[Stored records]
#####
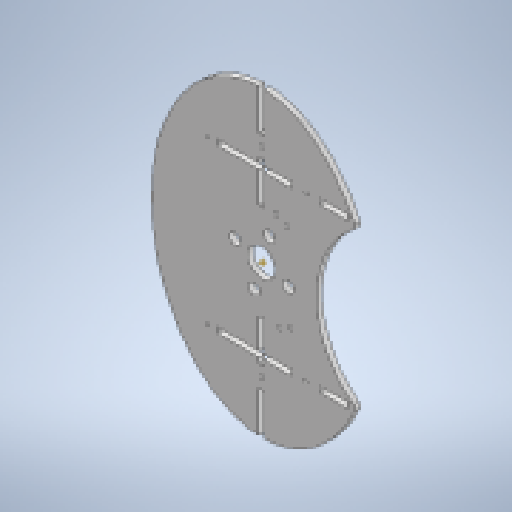
# Autodesk Inventor part: верхний эллипс туловища
Saved by Autodesk Inventor 2023 (Build 270158000, 158)
## iProperties
Created: 2024-11-21
Part Number: верхний эллипс туловища
Material: Типовые
Document SubType Name: Modeling
Designer: DELL
Density: 1 g/cm^3
Appearance: По умолчанию
Author: DELL
Autodesk Inventor part; units mm, degrees
ref_plane "YZ Plane" through (0, 0, 0) normal (1, 0, 0) x (0, 1, 0)
ref_plane "XZ Plane" through (0, 0, 0) normal (0, 1, 0) x (-1, 0, 0)
ref_plane "XY Plane" through (0, 0, 0) normal (0, 0, 1) x (1, 0, 0)
sketch "Эскиз1" plane through (0, 0, 0) normal (0, 0, 1) x (1, 0, 0)
  ellipse E0 centre (0, 0) end of major axis (2.1776, -109.9784) minor radius 80 (68.6548, 55.2754) -> (68.6548, -57.6949) ccw
  circle A0 centre (0, 0) radius 10
  line L0 (-129.1764, 146.988) -> (-129.1764, 142.988) construction
  line L1 (-149.1764, 146.9879) -> (-129.1764, 146.988) construction
  line L2 (-149.1764, 142.9879) -> (-149.1764, 146.9879) construction
  line L3 (-129.1764, 142.988) -> (-149.1764, 142.9879) construction
  line L4 (-169.9145, 146.9879) -> (-169.9145, 142.9879) construction
  line L5 (-189.9145, 146.9878) -> (-169.9145, 146.9879) construction
  line L6 (-189.9145, 142.9878) -> (-189.9145, 146.9878) construction
  line L7 (-169.9145, 142.9879) -> (-189.9145, 142.9878) construction
  arc A1 (68.6548, 55.2754) -> (68.6548, -57.6949) centre (110, -1.2098) ccw
  line L8 (68.6548, 55.2754) -> (68.6548, -57.6949) construction
  line L9 (0, 109.9808) -> (0, -109.9808) construction
  line L10 (-2, -110) -> (2, -110)
  line L11 (2, -110) -> (2, -80)
  line L12 (2, -80) -> (-2, -80)
  line L13 (-2, -80) -> (-2, -110)
  line L14 (2, -110) -> (-2, -80) construction
  point P0 (0, -95)
  point P1 (0, -110)
  point P2 (-2, -109.9112)
  point P3 (2, -109.9817)
  dimension "d0" = 110
  dimension "d1" = 80
  dimension "d4" = 20
  dimension "d19" = 70
  dimension "d21" = 110
  dimension "d24" = 4
  dimension "d25" = 30
  dimension "d26" = 110
  constraints: 30 end point, 4 coincident, 3 midpoint, 2 centre point, 2 parallel, 2 point on circle, 2 vertical, 1 horizontal, 1 perpendicular, 1 point on line, 6 other
  measures "d4" diameter of A0
  measures "d19" radius of A1
  measures "d21" horizontal distance of A0.centre A1.centre
  measures "d24" distance of L11.end L12.end
  measures "d25" distance of L10.end L11.end
  measures "d26" distance of point (0, 0) point (0, -110)
extrude "Выдавливание1" add sketch "Эскиз1" against normal blind 4 contours A1 E0 L11 L12 L13
fillet "Сопряжение1" radius 3 2 edges at (68.6548, 55.2754, -2) (68.6548, -57.6949, -2)
sketch "Эскиз5" plane through (0, 0, 0) normal (0, 0, 1) x (1, 0, 0)
  line L0 (-2, -110) -> (-2, -80)
  line L1 (-2, -80) -> (2, -80)
  line L2 (2, -80) -> (2, -110)
  line L3 (2, -110) -> (-2, -110)
  line L4 (-2, -34.6112) -> (2, -34.6112)
  line L5 (2, -64.6112) -> (-2, -64.6112)
  line L6 (-2, 65.3852) -> (2, 65.3852)
  line L7 (2, 35.3852) -> (-2, 35.3852)
  line L8 (-2, 80.7779) -> (-2, 110.7779)
  line L9 (-2, 110.7779) -> (2, 110.7779)
  line L10 (2, 110.7779) -> (2, 80.7779)
  line L11 (2, 80.7779) -> (-2, 80.7779)
  line L12 (-49.2252, -56.6111) -> (-46.452, -56.6111) construction
  line L13 (-46.452, -56.6111) -> (-46.452, -60.6111) construction
  line L14 (-46.452, -60.6111) -> (-49.2252, -60.6111) construction
  line L15 (-49.2252, -56.6111) -> (-49.2252, -60.6111) construction
  line L16 (-1.9986, -60.6111) -> (-31.9986, -60.6111)
  line L17 (-31.9986, -60.6111) -> (-31.9986, -56.6111)
  line L18 (-31.9986, -56.6111) -> (-1.9986, -56.6111)
  line L19 (2, -56.6111) -> (22.0269, -56.6111)
  line L20 (22.0269, -56.6111) -> (22.0269, -60.6111)
  line L21 (22.0269, -60.6111) -> (2, -60.6111)
  line L22 (42.765, -56.6111) -> (62.765, -56.6111)
  line L23 (62.765, -56.6111) -> (62.765, -60.6111)
  line L24 (62.765, -60.6111) -> (42.765, -60.6111)
  line L25 (42.765, -60.6111) -> (42.765, -56.6111)
  line L26 (-46.4535, 57.6183) -> (-49.2267, 57.6183) construction
  line L27 (-49.2267, 61.6183) -> (-49.2267, 57.6183) construction
  line L28 (-49.2267, 61.6183) -> (-46.4535, 61.6183) construction
  line L29 (-46.4535, 61.6183) -> (-46.4535, 57.6183) construction
  line L30 (-32.0001, 61.6183) -> (2, 61.6183)
  line L31 (-2.0001, 57.6186) -> (-2.0001, 57.6183)
  line L32 (2, 57.6183) -> (-32.0001, 57.6183)
  line L33 (-32.0001, 57.6183) -> (-32.0001, 61.6183)
  line L34 (62.7634, 61.6188) -> (62.7634, 57.6188)
  line L35 (42.7634, 61.6188) -> (62.7634, 61.6188)
  line L36 (62.7634, 57.6188) -> (42.7634, 57.6188)
  line L37 (42.7634, 57.6188) -> (42.7634, 61.6188)
  line L38 (22, 61.6187) -> (22, 57.6187)
  line L39 (22, 57.6187) -> (-2, 57.6186)
  line L40 (-2, 61.6186) -> (22, 61.6187)
  line L41 (-31.9986, -56.6111) -> (-46.452, -60.6111) construction
  circle A0 centre (-39.2253, -58.6111) radius 1.45
  line L42 (-2, -64.6112) -> (2, -80) construction
  circle A1 centre (0, -72.3056) radius 1.45
  line L43 (-46.4535, 57.6183) -> (-32.0001, 61.6183) construction
  circle A2 centre (-39.2268, 59.6183) radius 1.45
  line L44 (-2, 35.3852) -> (-2, 57.6186)
  line L45 (-2, 61.6183) -> (-2, 65.3852)
  line L46 (-2, -64.6112) -> (-2, -60.6111)
  line L47 (-2, -56.6111) -> (-2, -34.6112)
  line L48 (2, -34.6112) -> (2, -56.6111)
  line L49 (2, -60.6111) -> (2, -64.6112)
  line L50 (2, 65.3852) -> (2, 61.6186)
  line L51 (2, 57.6186) -> (2, 35.3852)
  line L52 (-2, 80.7779) -> (2, 65.3852) construction
  circle A3 centre (0, 73.0815) radius 1.45
  line L53 (2, 61.6186) -> (2, 57.6186)
  line L54 (-2, 57.6186) -> (-2, 61.6183)
  line L55 (2, -56.6111) -> (2, -60.6111)
  line L56 (-2, -60.6111) -> (-2, -56.6111)
  line L57 (42.7634, 61.6188) -> (22, 57.6187) construction
  circle A4 centre (32.3817, 59.6187) radius 1.45
  line L58 (42.765, -56.6111) -> (22.0269, -60.6111) construction
  circle A5 centre (32, -58.6874) radius 1.45
  point P0 (0, 0)
  point P1 (-2, 57.6183)
  dimension "d33" = 2.9
  dimension "d34" = 2.9
  dimension "d35" = 2.9
  dimension "d36" = 2.9
  dimension "d37" = 2.9
  dimension "d38" = 2.9
  constraints: 118 end point, 14 point on line, 6 centre point, 5 midpoint, 2 parallel, 2 vertical
  measures "d33" diameter of A0
  measures "d34" diameter of A1
  measures "d35" diameter of A2
  measures "d36" diameter of A3
  measures "d37" diameter of A4
  measures "d38" diameter of A5
extrude "Выдавливание3" cut sketch "Эскиз5" against normal blind 4
sketch "Эскиз7" plane through (0, 0, 0) normal (0, 0, 1) x (1, 0, 0)
  circle A0 centre (18.5161, 32.0336) radius 1.575 projected
  circle A1 centre (10.1981, 35.5668) radius 1.575 projected
  circle A2 centre (20.5676, -30.7567) radius 1.575 projected
  circle A3 centre (12.498, -34.8253) radius 1.575 projected
  circle A4 centre (19.2479, -5.433) radius 4 projected
  circle A5 centre (-5.433, -19.2479) radius 4 projected
  circle A6 centre (-19.2479, 5.433) radius 4 projected
  circle A7 centre (5.433, 19.2479) radius 4 projected
  point P0 (0, 0)
extrude "Выдавливание5" cut sketch "Эскиз7" against normal blind 10
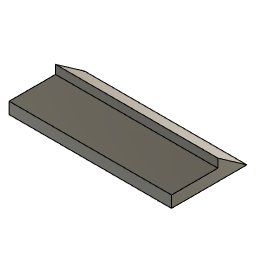
AttacheUpIns v2 (Autodesk Fusion 360 design; units mm, degrees)
Autodesk Fusion 360 part; units mm, degrees
sketch "Esquisse1" plane through (0, 0, 0) normal (0, 0, 1) x (1, 0, 0)
  line L0 (0, 0) -> (28, 0)
  line L1 (28, 0) -> (28, 13)
  line L2 (28, 13) -> (0, 13)
  line L3 (0, 13) -> (0, 0)
  dimension "d1" = 28
  dimension "d2" = 13
  constraint horizontal L0
  constraint vertical L1
  constraint horizontal L2
  constraint vertical L3
  constraint coincident L0.start L3.end
  measures "d1" distance of L1.end L2.end
  measures "d2" distance of L0.end L1.end
extrude "Extrusion1" add sketch "Esquisse1" along normal blind 2
sketch "Esquisse2" plane through (0, 0, 2) normal (0, 0, 1) x (-1, 0, 0)
  line L0 (0, -13) -> (0, 0)
  line L1 (0, 0) -> (-28, 0)
  line L2 (-28, 0) -> (-28, -13)
  line L3 (-28, -13) -> (0, -13)
  line L4 (0, -13) -> (-28, -13)
  line L5 (-28, -13) -> (-28, -8)
  line L6 (-28, -8) -> (0, -8)
  line L7 (0, -8) -> (0, -13)
  dimension "d5" = 5
  constraint horizontal L4
  constraint vertical L5
  constraint horizontal L6
  constraint vertical L7
  constraint coincident L2 L5.end
  constraint coincident L0.start L3.end
  measures "d5" distance of L2.end L5.end
extrude "Extrusion2" add sketch "Esquisse2" along normal blind 1.5 contours L0 L2 L3 L4 L5 L6 L7
chamfer "Chanfrein1" distance 5 distance2 3.5 1 edges at (14, 13, 3.5) measured on face at (9.3333, 11.3333, 3.5)
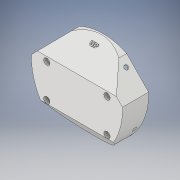
# Autodesk Inventor part: DGB Cover 2
Saved by Autodesk Inventor 2018 (Build 220112000, 112)
## iProperties
Created: 2019-02-18
Part Number: DGB Cover 2
Material: ABS Plastic
Document SubType Name: Modeling
Designer: Joe
Density: 1.06 g/cm^3
Appearance: Smooth - White
Author: Joe
Autodesk Inventor part; units mm, degrees
(part 1 of 16)
ref_plane "YZ Plane" through (0, 0, 0) normal (1, 0, 0) x (0, 1, 0)
ref_plane "Work Plane1" through (0, 0, 0) normal (0, 0, 1) x (1, 0, 0)
sketch "Sketch1" plane through (0, 0, 0) normal (0, 0, 1) x (1, 0, 0)
  arc A0 (-69.2264, 99.4238) -> (-77.754, 69.3573) centre (-45.7832, 76.5321) ccw
  line L0 (-61.6428, -2.4333) -> (-77.754, 69.3573)
  arc A1 (-61.6428, -2.4333) -> (-56.4257, -9.5833) centre (-50.8, 0) ccw
  line L1 (-56.4257, -9.5833) -> (-18.6452, -31.7617)
  arc A2 (-18.6452, -31.7617) -> (18.6452, -31.7617) centre (0, 0) ccw
  line L2 (56.4257, -9.5833) -> (18.6452, -31.7617)
  arc A3 (56.4257, -9.5833) -> (61.6428, -2.4333) centre (50.8, 0) ccw
  line L3 (77.754, 69.3573) -> (61.6428, -2.4333)
  arc A4 (77.754, 69.3573) -> (69.2264, 99.4238) centre (45.7832, 76.5321) ccw
  line L4 (69.2264, 99.4238) -> (23.4432, 146.3102)
  arc A5 (23.4432, 146.3102) -> (-23.4432, 146.3102) centre (0, 123.4186) ccw
  line L5 (-23.4432, 146.3102) -> (-69.2264, 99.4238)
  circle A6 centre (45.7832, 76.5321) radius 9.5631
  circle A7 centre (0, 123.4186) radius 9.5631
  circle A8 centre (63.5, 38.1) radius 2.4892
  circle A9 centre (0, 0) radius 14.2951
  circle A10 centre (0, 41.9862) radius 14.2951
  circle A11 centre (-63.5, 38.1) radius 2.4892
  circle A12 centre (50.8, 0) radius 2.4892
  circle A13 centre (-45.7832, 76.5321) radius 9.5631
  circle A14 centre (-50.8, 0) radius 2.4892
  arc A15 (60.8674, 81.4802) -> (51.089, 91.4942) centre (45.7832, 76.5321) ccw
  arc A16 (48.9582, 94.5106) -> (51.089, 91.4942) centre (52.1586, 94.5106) ccw
  line L6 (48.9582, 94.5106) -> (48.9582, 95.9294)
  arc A17 (49.8285, 98.1233) -> (48.9582, 95.9294) centre (52.1586, 95.9294) ccw
  arc A18 (49.8285, 98.1233) -> (51.2978, 101.2528) centre (45.7832, 101.9321) ccw
  arc A19 (56.764, 103.0974) -> (51.2978, 101.2528) centre (54.4742, 100.8615) ccw
  line L7 (56.764, 103.0974) -> (64.6832, 94.9874)
  arc A20 (71.3491, 83.1797) -> (64.6832, 94.9874) centre (45.7832, 76.5321) ccw
  arc A21 (68.1755, 79.1748) -> (71.3491, 83.1797) centre (68.2517, 82.3743) ccw
  line L8 (63.8322, 79.2782) -> (68.1755, 79.1748)
  arc A22 (60.8674, 81.4802) -> (63.8322, 79.2782) centre (63.9084, 82.4777) ccw
  arc A23 (42.8406, 46.4191) -> (46.4544, 45.6166) centre (45.7832, 51.1321) ccw
  arc A24 (48.7374, 45.0177) -> (46.4544, 45.6166) centre (46.841, 42.4396) ccw
  line L9 (56.7832, 39.0993) -> (48.7374, 45.0177)
  arc A25 (58.0348, 37.0983) -> (56.7832, 39.0993) centre (54.8868, 36.5212) ccw
  arc A26 (58.0348, 37.0983) -> (60.7938, 33.2473) centre (63.5, 38.1) ccw
  arc A27 (62.3577, 29.7514) -> (60.7938, 33.2473) centre (59.235, 30.4522) ccw
  line L10 (62.3577, 29.7514) -> (58.5623, 12.8393)
  arc A28 (54.4022, 10.5125) -> (58.5623, 12.8393) centre (55.4396, 13.5401) ccw
  arc A29 (54.4022, 10.5125) -> (49.4734, 11.033) centre (50.8, 0) ccw
  arc A30 (46.4166, 12.4531) -> (49.4734, 11.033) centre (49.0913, 14.2105) ccw
  line L11 (46.4166, 12.4531) -> (28.3641, 39.9279)
  arc A31 (30.4118, 44.8237) -> (28.3641, 39.9279) centre (31.0388, 41.6853) ccw
  line L12 (40.5187, 46.8427) -> (30.4118, 44.8237)
  arc A32 (42.8406, 46.4191) -> (40.5187, 46.8427) centre (41.1457, 43.7044) ccw
  arc A33 (30.699, 71.5841) -> (40.4775, 61.57) centre (45.7832, 76.5321) ccw
  arc A34 (42.6082, 58.5537) -> (40.4775, 61.57) centre (39.4078, 58.5537) ccw
  line L13 (42.6082, 58.5537) -> (42.6082, 57.1349)
  arc A35 (41.7379, 54.941) -> (42.6082, 57.1349) centre (39.4078, 57.1349) ccw
  arc A36 (41.7379, 54.941) -> (41.2557, 54.3529) centre (45.7832, 51.1321) ccw
  arc A37 (39.2748, 53.0697) -> (41.2557, 54.3529) centre (38.6478, 56.2081) ccw
  line L14 (39.2748, 53.0697) -> (20.2825, 49.2757)
  arc A38 (16.8284, 50.9142) -> (20.2825, 49.2757) centre (19.6555, 52.4141) ccw
  arc A39 (16.8284, 50.9142) -> (11.4097, 57.2414) centre (0, 41.9862) ccw
  arc A40 (11.4097, 62.3672) -> (11.4097, 57.2414) centre (13.3265, 59.8043) ccw
  arc A41 (11.4097, 62.3672) -> (18.1161, 71.7311) centre (0, 77.6224) ccw
  arc A42 (21.2358, 73.9408) -> (18.1161, 71.7311) centre (21.1597, 70.7413) ccw
  line L15 (21.2358, 73.9408) -> (27.7343, 73.7861)
  arc A43 (30.699, 71.5841) -> (27.7343, 73.7861) centre (27.6581, 70.5866) ccw
  arc A44 (4.0453, -22.2239) -> (5.3857, -19.781) centre (0, -18.415) ccw
  arc A45 (7.267, -17.6095) -> (5.3857, -19.781) centre (8.4879, -20.5678) ccw
  arc A46 (7.267, -17.6095) -> (17.7154, -7.0048) centre (0, 0) ccw
  arc A47 (21.8322, -5.1914) -> (17.7154, -7.0048) centre (20.6916, -8.1816) ccw
  arc A48 (21.8322, -5.1914) -> (27.6214, -4.0453) centre (23.8125, 0) ccw
  arc A49 (29.8153, -3.175) -> (27.6214, -4.0453) centre (29.8153, -6.3754) ccw
  line L16 (29.8153, -3.175) -> (37.9854, -3.175)
  arc A50 (40.8508, -4.9498) -> (37.9854, -3.175) centre (37.9854, -6.3754) ccw
  arc A51 (40.8508, -4.9498) -> (41.888, -6.638) centre (50.8, 0) ccw
  arc A52 (40.9415, -11.3097) -> (41.888, -6.638) centre (39.3213, -8.5498) ccw
  line L17 (40.9415, -11.3097) -> (15.4305, -26.2855)
  arc A53 (7.1234, -29.6359) -> (15.4305, -26.2855) centre (0, 0) ccw
  arc A54 (3.175, -26.5242) -> (7.1234, -29.6359) centre (6.3754, -26.5242) ccw
  line L18 (3.175, -24.4178) -> (3.175, -26.5242)
  arc A55 (4.0453, -22.2239) -> (3.175, -24.4178) centre (6.3754, -24.4178) ccw
  arc A56 (-27.6214, -4.0453) -> (-21.8322, -5.1914) centre (-23.8125, 0) ccw
  arc A57 (-17.7154, -7.0048) -> (-21.8322, -5.1914) centre (-20.6916, -8.1816) ccw
  arc A58 (-17.7154, -7.0048) -> (-7.267, -17.6095) centre (0, 0) ccw
  arc A59 (-5.3857, -19.781) -> (-7.267, -17.6095) centre (-8.4879, -20.5678) ccw
  arc A60 (-5.3857, -19.781) -> (-4.0453, -22.2239) centre (0, -18.415) ccw
  arc A61 (-3.175, -24.4178) -> (-4.0453, -22.2239) centre (-6.3754, -24.4178) ccw
  line L19 (-3.175, -24.4178) -> (-3.175, -26.5242)
  arc A62 (-7.1234, -29.6359) -> (-3.175, -26.5242) centre (-6.3754, -26.5242) ccw
  arc A63 (-15.4305, -26.2855) -> (-7.1234, -29.6359) centre (0, 0) ccw
  line L20 (-40.9415, -11.3097) -> (-15.4305, -26.2855)
  arc A64 (-41.888, -6.638) -> (-40.9415, -11.3097) centre (-39.3213, -8.5498) ccw
  arc A65 (-41.888, -6.638) -> (-40.8508, -4.9498) centre (-50.8, 0) ccw
  arc A66 (-37.9854, -3.175) -> (-40.8508, -4.9498) centre (-37.9854, -6.3754) ccw
  line L21 (-29.8153, -3.175) -> (-37.9854, -3.175)
  arc A67 (-27.6214, -4.0453) -> (-29.8153, -3.175) centre (-29.8153, -6.3754) ccw
  line L22 (-63.681, 72.93) -> (-68.1024, 72.8247)
  arc A68 (-60.6148, 70.8717) -> (-63.681, 72.93) centre (-63.6048, 69.7305) ccw
  arc A69 (-60.6148, 70.8717) -> (-51.089, 61.57) centre (-45.7832, 76.5321) ccw
  arc A70 (-48.9582, 58.5537) -> (-51.089, 61.57) centre (-52.1586, 58.5537) ccw
  line L23 (-48.9582, 58.5537) -> (-48.9582, 57.1349)
  arc A71 (-49.8285, 54.941) -> (-48.9582, 57.1349) centre (-52.1586, 57.1349) ccw
  arc A72 (-49.8285, 54.941) -> (-51.2484, 52.1339) centre (-45.7832, 51.1321) ccw
  arc A73 (-52.5, 50.1329) -> (-51.2484, 52.1339) centre (-54.3964, 52.7109) ccw
  line L24 (-60.5458, 44.2145) -> (-52.5, 50.1329)
  arc A74 (-62.8288, 43.6156) -> (-60.5458, 44.2145) centre (-62.4422, 46.7925) ccw
  arc A75 (-62.8288, 43.6156) -> (-63.1269, 43.6437) centre (-63.5, 38.1) ccw
  arc A76 (-66.0348, 46.1361) -> (-63.1269, 43.6437) centre (-62.9121, 46.8369) ccw
  line L25 (-71.1489, 68.9245) -> (-66.0348, 46.1361)
  arc A77 (-68.1024, 72.8247) -> (-71.1489, 68.9245) centre (-68.0262, 69.6253) ccw
  line L26 (-42.6082, 58.5537) -> (-42.6082, 57.1349)
  arc A78 (-40.4775, 61.57) -> (-42.6082, 58.5537) centre (-39.4078, 58.5537) ccw
  arc A79 (-40.4775, 61.57) -> (-30.699, 71.5841) centre (-45.7832, 76.5321) ccw
  arc A80 (-27.7343, 73.7861) -> (-30.699, 71.5841) centre (-27.6581, 70.5866) ccw
  line L27 (-21.2358, 73.9408) -> (-27.7343, 73.7861)
  arc A81 (-18.1161, 71.7311) -> (-21.2358, 73.9408) centre (-21.1597, 70.7413) ccw
  arc A82 (-18.1161, 71.7311) -> (-11.4097, 62.3672) centre (0, 77.6224) ccw
  arc A83 (-11.4097, 57.2414) -> (-11.4097, 62.3672) centre (-13.3265, 59.8043) ccw
  arc A84 (-11.4097, 57.2414) -> (-16.8284, 50.9142) centre (0, 41.9862) ccw
  arc A85 (-20.2825, 49.2757) -> (-16.8284, 50.9142) centre (-19.6555, 52.4141) ccw
  line L28 (-39.2748, 53.0697) -> (-20.2825, 49.2757)
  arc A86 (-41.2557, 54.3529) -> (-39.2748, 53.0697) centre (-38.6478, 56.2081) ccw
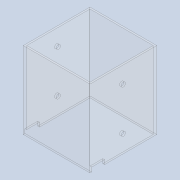
# Autodesk Inventor part: Part4_cover
Saved by Autodesk Inventor 2020 (Build 240168000, 168)
## iProperties
Created: 2019-05-16
Part Number: Part4_cover
Material: ABS Plastic
Document SubType Name: Modeling
Designer: kimhos
Density: 1.06 g/cm^3
Appearance: Clear - Light
Author: kimhos
Autodesk Inventor part; units mm, degrees
ref_plane "YZ Plane" through (0, 0, 0) normal (1, 0, 0) x (0, 1, 0)
ref_plane "XZ Plane" through (0, 0, 0) normal (0, 1, 0) x (-1, 0, 0)
ref_plane "XY Plane" through (0, 0, 0) normal (0, 0, 1) x (1, 0, 0)
sketch "Sketch1" plane through (0, 0, 0) normal (0, 1, 0) x (-1, 0, 0)
  line L0 (7.8, 0) -> (7.8, -7.8)
  line L1 (7.8, -7.8) -> (-7.8, -7.8)
  line L2 (-7.8, -7.8) -> (-7.8, 7.8)
  line L3 (-7.8, 7.8) -> (7.8, 7.8)
  line L4 (7.8, 7.8) -> (7.8, 0)
  line L5 (7.8, 7.8) -> (7, 7.8)
  line L6 (-7.8, 7.8) -> (-7.8, 7.4)
  line L7 (-7.8, -7.8) -> (-7.4, -7.8)
  line L8 (7.8, -7.8) -> (7.8, -7.4)
  line L9 (0, 0) -> (7.4, 0)
  line L10 (7.4, 0) -> (7.4, -7.4)
  line L11 (7.4, -7.4) -> (-7.4, -7.4)
  line L12 (-7.4, -7.4) -> (-7.4, 7.4)
  line L13 (-7.4, 7.4) -> (7.4, 7.4)
  line L14 (7.4, 7.4) -> (7.4, 0)
  line L15 (2.7947, -7.8) -> (2.7947, -7.4)
  dimension "d1" = 7.8
  dimension "d2" = 15.6
  dimension "d3" = 15.6
  dimension "d4" = 15.6
  dimension "d5" = 7.8
  dimension "d62" = 7.4
  dimension "d63" = 7.4
  dimension "d64" = 14.8
  dimension "d65" = 14.8
  dimension "d66" = 14.8
  dimension "d68" = 0.4
  constraints: 32 end point, 7 point on line, 6 perpendicular, 1 horizontal, 1 vertical
  measures "d1" distance of L0.start L0.end
  measures "d2" distance of L0.end L1.end
  measures "d3" distance of L1.end L2.end
  measures "d4" distance of L2.end L3.end
  measures "d5" distance of L3.end L0.start
  measures "d62" distance of L9.start L9.end
  measures "d63" distance of L9.end L10.end
  measures "d64" distance of L10.end L11.end
  measures "d65" distance of L11.end L12.end
  measures "d66" distance of L12.end L13.end
  measures "d68" distance of L15.start L15.end
extrude "Extrusion1" add sketch "Sketch1" along normal blind 18 contours L0 L1 L2 L3 L4 | L10 L11 L12 L13 L14
shell "Shell2" thickness 0.4 removed faces 2 at (2.6, 18, 0) at (2.6, 0, 0)
sketch "Sketch4" plane through (-7.8, 0, -7.8) normal (-1, 0, 0) x (0, 0, 1)
  line L0 (7.8, 0) -> (7.8, 4)
  circle A0 centre (7.8, 4) radius 0.5
  dimension "d17" = 4
  dimension "d18" = 1
  constraints: 2 end point, 1 centre point, 1 coincident, 1 vertical
  measures "d17" distance of L0.start L0.end
  measures "d18" diameter of A0
hole "Hole1" at (-7.8, 4, 0) direction (1, 0, 0) diameter 1 depth 20
sketch "Sketch8" plane through (7.8, 0, 7.8) normal (1, 0, 0) x (0, 0, -1)
  line L0 (15.2, 18) -> (0.4, 18) projected
  line L1 (7.8, 18) -> (7.8, 14)
  circle A0 centre (7.8, 14) radius 0.5
  point P0 (7.8, 0)
  dimension "d50" = 4
  dimension "d51" = 1
  constraints: 2 end point, 1 centre point, 1 coincident, 1 midpoint, 1 vertical
  measures "d50" distance of L1.start L1.end
  measures "d51" diameter of A0
hole "Hole4" at (7.8, 14, 0) direction (-1, 0, 0) diameter 1 depth 20
sketch "Sketch9" plane through (0, 0, 0) normal (0, -1, 0) x (1, 0, 0)
  line L0 (7.4, 7.4) -> (-7.4, 7.4) projected
  line L1 (-7.4, 7.4) -> (-7.4, 4.4)
  line L2 (-7.4, -7.4) -> (-7.4, 7.4) projected
  line L3 (-7.4, 4.4) -> (-7.8, 4.4)
  line L4 (-7.8, -7.8) -> (-7.8, 7.8) projected
  line L5 (-7.8, 4.4) -> (-7.8, 7.4)
  line L6 (-7.8, 7.4) -> (-7.4, 7.4)
  line L7 (7.4, 7.4) -> (7.4, 4.4)
  line L8 (7.4, 7.4) -> (7.4, -7.4) projected
  line L9 (7.4, 4.4) -> (7.8, 4.4)
  line L10 (7.8, 7.8) -> (7.8, -7.8) projected
  line L11 (7.8, 4.4) -> (7.8, 7.4)
  line L12 (7.8, 7.4) -> (7.4, 7.4)
  point P0 (0, 0)
  dimension "d69" = 3
  dimension "d70" = 3
  constraints: 16 end point, 6 point on line, 4 perpendicular
  measures "d69" distance of L0.end L1.end
  measures "d70" distance of L0.start L7.end
extrude "Extrusion2" cut sketch "Sketch9" against normal blind 1
body "Solid1"
#####
* [DIRECTIONS FOR THIS TASK] When you reach the line containing "arc A56 (-27.6214, -4.0453)" in the data above, start copying exactly, and stop after the line containing "arc A72 (-49.8285, 54.941)".

* [SOLUTION FOR THIS PROBLEM]
  arc A56 (-27.6214, -4.0453) -> (-21.8322, -5.1914) centre (-23.8125, 0) ccw
  arc A57 (-17.7154, -7.0048) -> (-21.8322, -5.1914) centre (-20.6916, -8.1816) ccw
  arc A58 (-17.7154, -7.0048) -> (-7.267, -17.6095) centre (0, 0) ccw
  arc A59 (-5.3857, -19.781) -> (-7.267, -17.6095) centre (-8.4879, -20.5678) ccw
  arc A60 (-5.3857, -19.781) -> (-4.0453, -22.2239) centre (0, -18.415) ccw
  arc A61 (-3.175, -24.4178) -> (-4.0453, -22.2239) centre (-6.3754, -24.4178) ccw
  line L19 (-3.175, -24.4178) -> (-3.175, -26.5242)
  arc A62 (-7.1234, -29.6359) -> (-3.175, -26.5242) centre (-6.3754, -26.5242) ccw
  arc A63 (-15.4305, -26.2855) -> (-7.1234, -29.6359) centre (0, 0) ccw
  line L20 (-40.9415, -11.3097) -> (-15.4305, -26.2855)
  arc A64 (-41.888, -6.638) -> (-40.9415, -11.3097) centre (-39.3213, -8.5498) ccw
  arc A65 (-41.888, -6.638) -> (-40.8508, -4.9498) centre (-50.8, 0) ccw
  arc A66 (-37.9854, -3.175) -> (-40.8508, -4.9498) centre (-37.9854, -6.3754) ccw
  line L21 (-29.8153, -3.175) -> (-37.9854, -3.175)
  arc A67 (-27.6214, -4.0453) -> (-29.8153, -3.175) centre (-29.8153, -6.3754) ccw
  line L22 (-63.681, 72.93) -> (-68.1024, 72.8247)
  arc A68 (-60.6148, 70.8717) -> (-63.681, 72.93) centre (-63.6048, 69.7305) ccw
  arc A69 (-60.6148, 70.8717) -> (-51.089, 61.57) centre (-45.7832, 76.5321) ccw
  arc A70 (-48.9582, 58.5537) -> (-51.089, 61.57) centre (-52.1586, 58.5537) ccw
  line L23 (-48.9582, 58.5537) -> (-48.9582, 57.1349)
  arc A71 (-49.8285, 54.941) -> (-48.9582, 57.1349) centre (-52.1586, 57.1349) ccw
  arc A72 (-49.8285, 54.941) -> (-51.2484, 52.1339) centre (-45.7832, 51.1321) ccw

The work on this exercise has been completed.